[Dataset records]
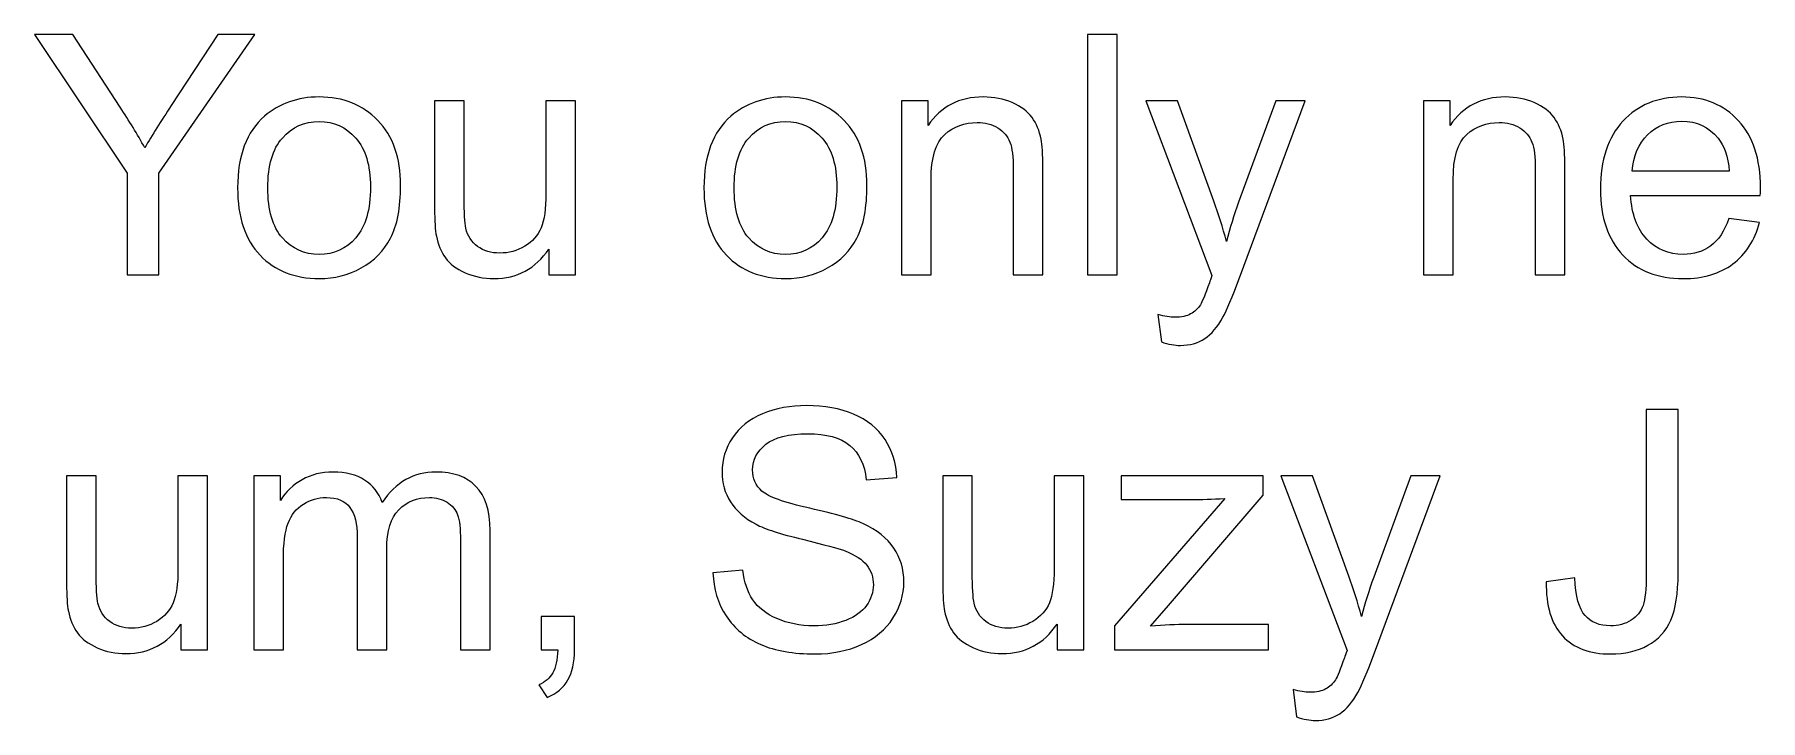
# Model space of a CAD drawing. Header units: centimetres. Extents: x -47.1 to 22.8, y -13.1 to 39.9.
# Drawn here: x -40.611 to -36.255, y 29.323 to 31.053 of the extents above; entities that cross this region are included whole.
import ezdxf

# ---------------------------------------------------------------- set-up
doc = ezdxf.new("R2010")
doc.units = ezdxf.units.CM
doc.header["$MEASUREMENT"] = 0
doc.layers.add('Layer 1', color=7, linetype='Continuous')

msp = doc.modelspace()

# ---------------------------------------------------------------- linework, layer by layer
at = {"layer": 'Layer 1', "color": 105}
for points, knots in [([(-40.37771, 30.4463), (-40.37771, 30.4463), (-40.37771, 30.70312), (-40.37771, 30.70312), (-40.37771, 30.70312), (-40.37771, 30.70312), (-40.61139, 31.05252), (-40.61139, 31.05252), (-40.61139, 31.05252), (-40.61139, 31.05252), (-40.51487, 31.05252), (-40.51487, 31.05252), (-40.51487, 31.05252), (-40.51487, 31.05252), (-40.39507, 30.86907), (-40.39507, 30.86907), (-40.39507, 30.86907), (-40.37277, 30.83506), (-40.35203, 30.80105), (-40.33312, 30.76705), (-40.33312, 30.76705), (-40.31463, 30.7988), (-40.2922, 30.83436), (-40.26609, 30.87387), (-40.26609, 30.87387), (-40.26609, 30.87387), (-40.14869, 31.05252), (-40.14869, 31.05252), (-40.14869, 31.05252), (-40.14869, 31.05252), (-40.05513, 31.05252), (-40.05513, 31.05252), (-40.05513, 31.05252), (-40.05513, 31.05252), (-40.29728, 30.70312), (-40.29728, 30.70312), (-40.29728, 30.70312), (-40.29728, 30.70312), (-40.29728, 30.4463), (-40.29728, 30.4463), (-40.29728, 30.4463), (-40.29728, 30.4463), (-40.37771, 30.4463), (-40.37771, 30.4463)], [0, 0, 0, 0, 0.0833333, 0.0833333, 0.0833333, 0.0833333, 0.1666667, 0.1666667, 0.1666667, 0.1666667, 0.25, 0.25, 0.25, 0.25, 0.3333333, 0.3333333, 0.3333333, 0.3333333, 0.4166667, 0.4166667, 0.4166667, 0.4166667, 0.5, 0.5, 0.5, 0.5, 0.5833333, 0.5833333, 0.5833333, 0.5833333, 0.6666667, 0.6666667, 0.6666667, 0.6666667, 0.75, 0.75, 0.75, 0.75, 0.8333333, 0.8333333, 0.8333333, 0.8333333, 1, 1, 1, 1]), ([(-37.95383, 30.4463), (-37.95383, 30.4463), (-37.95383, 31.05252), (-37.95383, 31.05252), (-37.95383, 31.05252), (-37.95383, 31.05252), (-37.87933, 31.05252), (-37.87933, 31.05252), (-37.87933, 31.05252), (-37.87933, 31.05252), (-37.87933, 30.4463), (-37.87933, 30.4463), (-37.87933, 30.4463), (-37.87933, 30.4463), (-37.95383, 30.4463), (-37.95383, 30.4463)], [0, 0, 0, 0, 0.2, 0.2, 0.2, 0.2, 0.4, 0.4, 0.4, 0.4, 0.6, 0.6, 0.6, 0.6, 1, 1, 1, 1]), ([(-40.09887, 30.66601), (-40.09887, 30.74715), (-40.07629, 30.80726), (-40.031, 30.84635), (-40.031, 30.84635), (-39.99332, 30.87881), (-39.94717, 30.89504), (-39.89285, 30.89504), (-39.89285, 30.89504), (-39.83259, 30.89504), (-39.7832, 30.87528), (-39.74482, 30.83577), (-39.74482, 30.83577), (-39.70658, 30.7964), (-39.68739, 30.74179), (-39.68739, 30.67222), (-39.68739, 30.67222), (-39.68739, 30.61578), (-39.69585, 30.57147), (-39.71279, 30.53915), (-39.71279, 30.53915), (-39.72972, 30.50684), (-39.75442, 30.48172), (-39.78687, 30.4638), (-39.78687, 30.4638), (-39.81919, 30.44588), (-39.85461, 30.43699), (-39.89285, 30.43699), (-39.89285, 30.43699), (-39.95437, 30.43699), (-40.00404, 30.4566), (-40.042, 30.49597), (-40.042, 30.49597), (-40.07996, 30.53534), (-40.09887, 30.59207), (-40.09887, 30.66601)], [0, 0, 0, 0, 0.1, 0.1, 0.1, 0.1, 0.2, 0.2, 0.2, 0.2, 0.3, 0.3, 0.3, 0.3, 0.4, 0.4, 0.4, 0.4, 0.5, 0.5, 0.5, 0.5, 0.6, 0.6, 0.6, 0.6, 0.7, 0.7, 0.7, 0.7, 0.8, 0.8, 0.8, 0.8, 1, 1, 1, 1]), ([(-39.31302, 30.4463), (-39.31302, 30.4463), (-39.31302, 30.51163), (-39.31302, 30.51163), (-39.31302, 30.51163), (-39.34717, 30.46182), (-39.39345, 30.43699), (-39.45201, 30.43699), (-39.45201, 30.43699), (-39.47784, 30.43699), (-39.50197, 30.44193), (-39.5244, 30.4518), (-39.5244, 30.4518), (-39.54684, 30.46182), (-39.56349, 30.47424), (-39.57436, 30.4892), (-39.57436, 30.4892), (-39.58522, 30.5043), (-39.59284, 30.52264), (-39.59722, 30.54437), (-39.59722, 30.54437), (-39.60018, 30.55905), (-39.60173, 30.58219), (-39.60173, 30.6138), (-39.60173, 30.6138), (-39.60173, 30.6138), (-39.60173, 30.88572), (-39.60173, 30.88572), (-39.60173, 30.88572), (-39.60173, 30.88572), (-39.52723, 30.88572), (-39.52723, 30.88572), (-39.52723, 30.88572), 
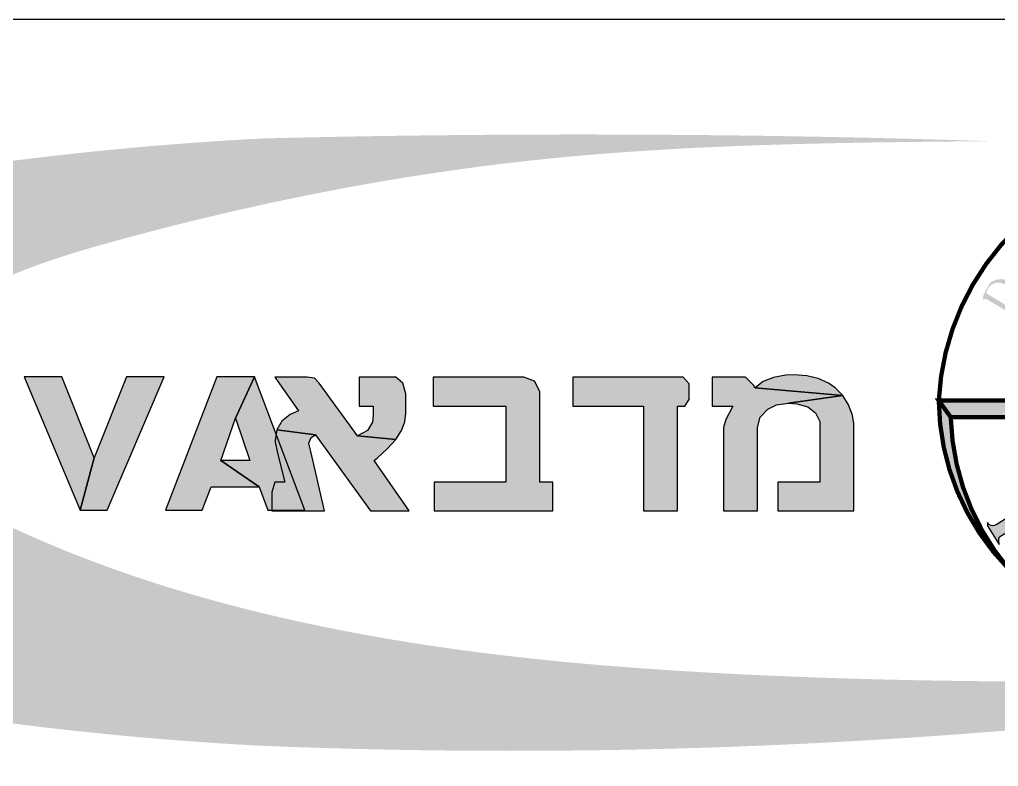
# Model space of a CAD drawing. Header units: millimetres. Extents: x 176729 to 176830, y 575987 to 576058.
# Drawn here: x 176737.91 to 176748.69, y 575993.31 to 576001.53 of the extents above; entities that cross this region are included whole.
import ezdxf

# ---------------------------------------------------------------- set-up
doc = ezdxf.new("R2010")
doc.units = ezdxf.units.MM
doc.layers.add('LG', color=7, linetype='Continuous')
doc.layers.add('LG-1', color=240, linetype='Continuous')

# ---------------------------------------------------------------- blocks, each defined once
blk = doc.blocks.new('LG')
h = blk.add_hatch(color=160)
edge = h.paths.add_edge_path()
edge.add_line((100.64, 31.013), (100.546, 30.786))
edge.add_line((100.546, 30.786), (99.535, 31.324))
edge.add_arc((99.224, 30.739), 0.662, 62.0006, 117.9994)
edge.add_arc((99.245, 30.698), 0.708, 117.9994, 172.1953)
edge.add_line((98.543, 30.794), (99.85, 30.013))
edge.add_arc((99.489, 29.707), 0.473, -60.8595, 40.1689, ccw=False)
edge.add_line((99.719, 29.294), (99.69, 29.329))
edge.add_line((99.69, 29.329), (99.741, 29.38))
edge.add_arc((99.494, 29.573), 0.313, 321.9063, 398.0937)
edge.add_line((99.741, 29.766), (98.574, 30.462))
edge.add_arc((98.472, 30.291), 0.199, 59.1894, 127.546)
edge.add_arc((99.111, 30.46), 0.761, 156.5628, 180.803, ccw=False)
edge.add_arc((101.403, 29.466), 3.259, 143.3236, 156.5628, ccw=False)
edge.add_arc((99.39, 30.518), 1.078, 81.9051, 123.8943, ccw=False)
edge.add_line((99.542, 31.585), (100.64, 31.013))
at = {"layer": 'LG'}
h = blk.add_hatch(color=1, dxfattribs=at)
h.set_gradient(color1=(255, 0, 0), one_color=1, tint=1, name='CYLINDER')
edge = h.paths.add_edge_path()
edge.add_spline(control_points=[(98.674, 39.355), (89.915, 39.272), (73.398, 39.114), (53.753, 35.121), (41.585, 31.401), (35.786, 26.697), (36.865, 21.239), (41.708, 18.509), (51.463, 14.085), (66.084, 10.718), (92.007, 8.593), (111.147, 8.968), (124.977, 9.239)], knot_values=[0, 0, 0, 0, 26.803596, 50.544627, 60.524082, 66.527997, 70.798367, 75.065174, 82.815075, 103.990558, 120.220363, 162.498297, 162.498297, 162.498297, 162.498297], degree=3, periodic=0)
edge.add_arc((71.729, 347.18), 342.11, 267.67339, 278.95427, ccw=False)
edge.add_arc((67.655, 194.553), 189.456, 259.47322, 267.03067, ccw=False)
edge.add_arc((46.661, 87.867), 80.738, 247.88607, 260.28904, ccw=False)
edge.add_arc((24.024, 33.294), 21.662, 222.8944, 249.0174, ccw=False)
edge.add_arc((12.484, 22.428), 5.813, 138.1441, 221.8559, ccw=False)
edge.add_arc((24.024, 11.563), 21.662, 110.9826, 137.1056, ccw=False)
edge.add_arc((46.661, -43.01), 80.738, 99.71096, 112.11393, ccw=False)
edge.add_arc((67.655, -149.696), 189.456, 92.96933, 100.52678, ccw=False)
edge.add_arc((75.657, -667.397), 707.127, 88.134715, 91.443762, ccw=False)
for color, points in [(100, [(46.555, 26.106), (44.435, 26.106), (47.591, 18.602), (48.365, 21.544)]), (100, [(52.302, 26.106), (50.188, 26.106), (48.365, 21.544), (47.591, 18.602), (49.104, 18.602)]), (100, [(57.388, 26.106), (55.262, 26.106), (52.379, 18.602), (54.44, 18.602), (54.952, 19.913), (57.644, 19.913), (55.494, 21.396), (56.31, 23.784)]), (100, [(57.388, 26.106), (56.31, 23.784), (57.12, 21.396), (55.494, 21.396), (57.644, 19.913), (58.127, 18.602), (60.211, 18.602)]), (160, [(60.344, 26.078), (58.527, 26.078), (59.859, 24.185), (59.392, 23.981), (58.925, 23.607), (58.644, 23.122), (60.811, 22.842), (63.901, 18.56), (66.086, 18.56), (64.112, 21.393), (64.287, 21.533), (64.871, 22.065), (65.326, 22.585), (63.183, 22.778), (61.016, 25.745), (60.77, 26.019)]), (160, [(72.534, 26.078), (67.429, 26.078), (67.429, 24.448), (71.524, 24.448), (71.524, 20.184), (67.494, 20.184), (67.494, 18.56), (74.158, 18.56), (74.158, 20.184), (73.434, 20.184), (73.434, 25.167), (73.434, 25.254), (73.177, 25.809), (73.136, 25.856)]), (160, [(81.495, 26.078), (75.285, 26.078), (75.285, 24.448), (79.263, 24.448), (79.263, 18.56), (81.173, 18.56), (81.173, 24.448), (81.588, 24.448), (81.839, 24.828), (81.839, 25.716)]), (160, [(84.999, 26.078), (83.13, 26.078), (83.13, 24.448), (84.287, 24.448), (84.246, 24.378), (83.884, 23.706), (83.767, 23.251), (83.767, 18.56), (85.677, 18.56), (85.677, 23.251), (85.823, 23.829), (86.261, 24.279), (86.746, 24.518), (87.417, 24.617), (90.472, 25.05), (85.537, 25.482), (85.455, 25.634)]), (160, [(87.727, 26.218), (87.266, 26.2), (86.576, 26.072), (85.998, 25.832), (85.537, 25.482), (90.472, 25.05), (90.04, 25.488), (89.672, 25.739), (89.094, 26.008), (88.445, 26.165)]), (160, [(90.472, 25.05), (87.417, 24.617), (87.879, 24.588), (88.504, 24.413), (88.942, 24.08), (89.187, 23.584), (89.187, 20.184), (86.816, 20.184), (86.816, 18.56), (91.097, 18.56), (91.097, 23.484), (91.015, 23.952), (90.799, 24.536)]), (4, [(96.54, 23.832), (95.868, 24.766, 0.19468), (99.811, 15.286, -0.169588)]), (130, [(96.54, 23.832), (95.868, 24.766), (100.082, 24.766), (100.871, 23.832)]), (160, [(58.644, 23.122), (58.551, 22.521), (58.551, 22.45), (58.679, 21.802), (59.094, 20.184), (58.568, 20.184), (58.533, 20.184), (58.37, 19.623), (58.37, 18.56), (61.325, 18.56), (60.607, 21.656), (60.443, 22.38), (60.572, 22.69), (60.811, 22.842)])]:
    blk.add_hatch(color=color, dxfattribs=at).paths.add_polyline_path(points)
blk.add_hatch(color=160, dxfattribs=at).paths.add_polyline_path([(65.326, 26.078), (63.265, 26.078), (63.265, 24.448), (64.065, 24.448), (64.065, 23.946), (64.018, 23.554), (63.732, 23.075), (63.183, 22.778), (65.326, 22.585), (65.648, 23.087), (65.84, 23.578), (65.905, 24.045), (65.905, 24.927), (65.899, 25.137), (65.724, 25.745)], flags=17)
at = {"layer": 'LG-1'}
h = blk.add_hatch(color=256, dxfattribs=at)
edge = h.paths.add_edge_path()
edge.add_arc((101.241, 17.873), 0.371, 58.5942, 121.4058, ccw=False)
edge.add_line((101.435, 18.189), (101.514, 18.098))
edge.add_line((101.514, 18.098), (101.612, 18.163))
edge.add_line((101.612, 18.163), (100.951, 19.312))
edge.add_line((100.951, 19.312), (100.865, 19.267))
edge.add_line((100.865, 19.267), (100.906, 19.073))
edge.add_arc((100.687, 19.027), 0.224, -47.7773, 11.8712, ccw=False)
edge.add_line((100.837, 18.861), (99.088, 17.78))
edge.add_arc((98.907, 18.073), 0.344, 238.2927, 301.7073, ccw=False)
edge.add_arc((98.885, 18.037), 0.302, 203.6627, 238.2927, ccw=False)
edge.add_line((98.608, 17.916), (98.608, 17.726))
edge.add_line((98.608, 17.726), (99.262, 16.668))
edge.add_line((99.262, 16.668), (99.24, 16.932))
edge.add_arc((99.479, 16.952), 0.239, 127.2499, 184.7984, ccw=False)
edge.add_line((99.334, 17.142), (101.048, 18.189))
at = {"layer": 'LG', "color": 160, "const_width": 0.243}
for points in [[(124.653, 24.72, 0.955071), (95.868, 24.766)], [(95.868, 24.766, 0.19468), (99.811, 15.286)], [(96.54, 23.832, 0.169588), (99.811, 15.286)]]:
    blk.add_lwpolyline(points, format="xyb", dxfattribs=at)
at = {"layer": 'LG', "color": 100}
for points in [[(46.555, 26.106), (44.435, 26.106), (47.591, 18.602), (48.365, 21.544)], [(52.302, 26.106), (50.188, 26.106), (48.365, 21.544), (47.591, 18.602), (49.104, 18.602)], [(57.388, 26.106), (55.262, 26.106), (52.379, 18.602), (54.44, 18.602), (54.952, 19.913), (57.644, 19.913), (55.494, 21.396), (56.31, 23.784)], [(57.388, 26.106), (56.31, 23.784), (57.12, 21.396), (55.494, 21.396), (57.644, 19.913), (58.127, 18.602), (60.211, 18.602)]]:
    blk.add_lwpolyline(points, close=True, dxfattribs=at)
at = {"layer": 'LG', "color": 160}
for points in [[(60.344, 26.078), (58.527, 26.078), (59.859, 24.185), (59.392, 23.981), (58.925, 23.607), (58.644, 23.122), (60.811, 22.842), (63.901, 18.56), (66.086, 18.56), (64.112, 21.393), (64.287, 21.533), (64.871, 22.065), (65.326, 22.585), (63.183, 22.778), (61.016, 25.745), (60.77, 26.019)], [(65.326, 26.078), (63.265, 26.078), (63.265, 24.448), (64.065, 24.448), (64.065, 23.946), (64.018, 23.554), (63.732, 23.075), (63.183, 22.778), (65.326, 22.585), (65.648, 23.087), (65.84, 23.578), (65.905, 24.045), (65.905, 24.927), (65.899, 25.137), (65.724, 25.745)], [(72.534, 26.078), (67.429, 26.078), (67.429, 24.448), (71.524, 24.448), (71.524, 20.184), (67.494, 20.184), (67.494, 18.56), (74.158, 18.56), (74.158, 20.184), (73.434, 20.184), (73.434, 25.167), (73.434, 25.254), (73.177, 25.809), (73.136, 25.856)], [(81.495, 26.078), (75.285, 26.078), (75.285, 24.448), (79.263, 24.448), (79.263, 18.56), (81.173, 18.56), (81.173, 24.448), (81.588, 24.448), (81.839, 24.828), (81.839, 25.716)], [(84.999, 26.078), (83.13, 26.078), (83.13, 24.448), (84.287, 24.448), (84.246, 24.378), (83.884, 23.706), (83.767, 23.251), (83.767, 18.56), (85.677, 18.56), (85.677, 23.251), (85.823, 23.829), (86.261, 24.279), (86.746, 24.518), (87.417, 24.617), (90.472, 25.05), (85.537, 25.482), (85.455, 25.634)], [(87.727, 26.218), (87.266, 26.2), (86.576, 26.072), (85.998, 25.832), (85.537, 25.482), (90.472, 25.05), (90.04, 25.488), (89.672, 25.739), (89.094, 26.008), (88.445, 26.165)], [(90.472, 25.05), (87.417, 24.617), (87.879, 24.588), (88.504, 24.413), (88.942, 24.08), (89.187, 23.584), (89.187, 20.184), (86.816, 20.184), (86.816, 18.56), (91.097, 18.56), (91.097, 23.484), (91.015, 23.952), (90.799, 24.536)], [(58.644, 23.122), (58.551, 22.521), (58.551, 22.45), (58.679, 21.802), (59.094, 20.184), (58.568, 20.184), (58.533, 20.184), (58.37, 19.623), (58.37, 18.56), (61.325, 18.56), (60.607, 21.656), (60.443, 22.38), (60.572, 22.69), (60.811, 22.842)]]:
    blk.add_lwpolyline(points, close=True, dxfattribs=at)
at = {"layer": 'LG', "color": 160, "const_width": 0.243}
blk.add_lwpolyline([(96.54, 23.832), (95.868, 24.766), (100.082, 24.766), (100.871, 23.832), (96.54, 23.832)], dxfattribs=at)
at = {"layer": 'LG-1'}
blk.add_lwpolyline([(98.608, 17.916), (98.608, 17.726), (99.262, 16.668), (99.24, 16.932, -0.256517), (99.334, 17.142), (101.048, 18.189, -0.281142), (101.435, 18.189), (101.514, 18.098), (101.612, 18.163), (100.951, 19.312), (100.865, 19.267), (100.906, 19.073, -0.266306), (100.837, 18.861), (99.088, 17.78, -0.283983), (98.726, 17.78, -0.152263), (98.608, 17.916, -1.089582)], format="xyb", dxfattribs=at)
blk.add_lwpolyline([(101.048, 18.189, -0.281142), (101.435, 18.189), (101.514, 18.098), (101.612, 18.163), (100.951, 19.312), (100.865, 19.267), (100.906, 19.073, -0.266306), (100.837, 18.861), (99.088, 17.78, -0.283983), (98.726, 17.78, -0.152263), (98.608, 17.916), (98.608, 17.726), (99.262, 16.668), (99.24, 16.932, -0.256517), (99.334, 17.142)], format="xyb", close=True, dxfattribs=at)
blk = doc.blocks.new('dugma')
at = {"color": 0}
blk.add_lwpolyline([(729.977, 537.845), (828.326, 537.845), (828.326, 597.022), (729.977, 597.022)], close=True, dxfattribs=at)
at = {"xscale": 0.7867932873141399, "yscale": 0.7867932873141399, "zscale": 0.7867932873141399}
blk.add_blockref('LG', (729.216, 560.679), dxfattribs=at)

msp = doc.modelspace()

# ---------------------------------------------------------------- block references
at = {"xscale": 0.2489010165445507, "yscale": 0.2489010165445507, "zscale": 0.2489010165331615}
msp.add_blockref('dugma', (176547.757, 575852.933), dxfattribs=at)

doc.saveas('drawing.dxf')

▶ **Your objective**
The lines to show are those in the data above that include "included".

▶ **Task answer**
# Drawn here: x -40.611 to -36.255, y 29.323 to 31.053 of the extents above; entities that cross this region are included whole.
# Drawn here: x 176737.91 to 176748.69, y 575993.31 to 576001.53 of the extents above; entities that cross this region are included whole.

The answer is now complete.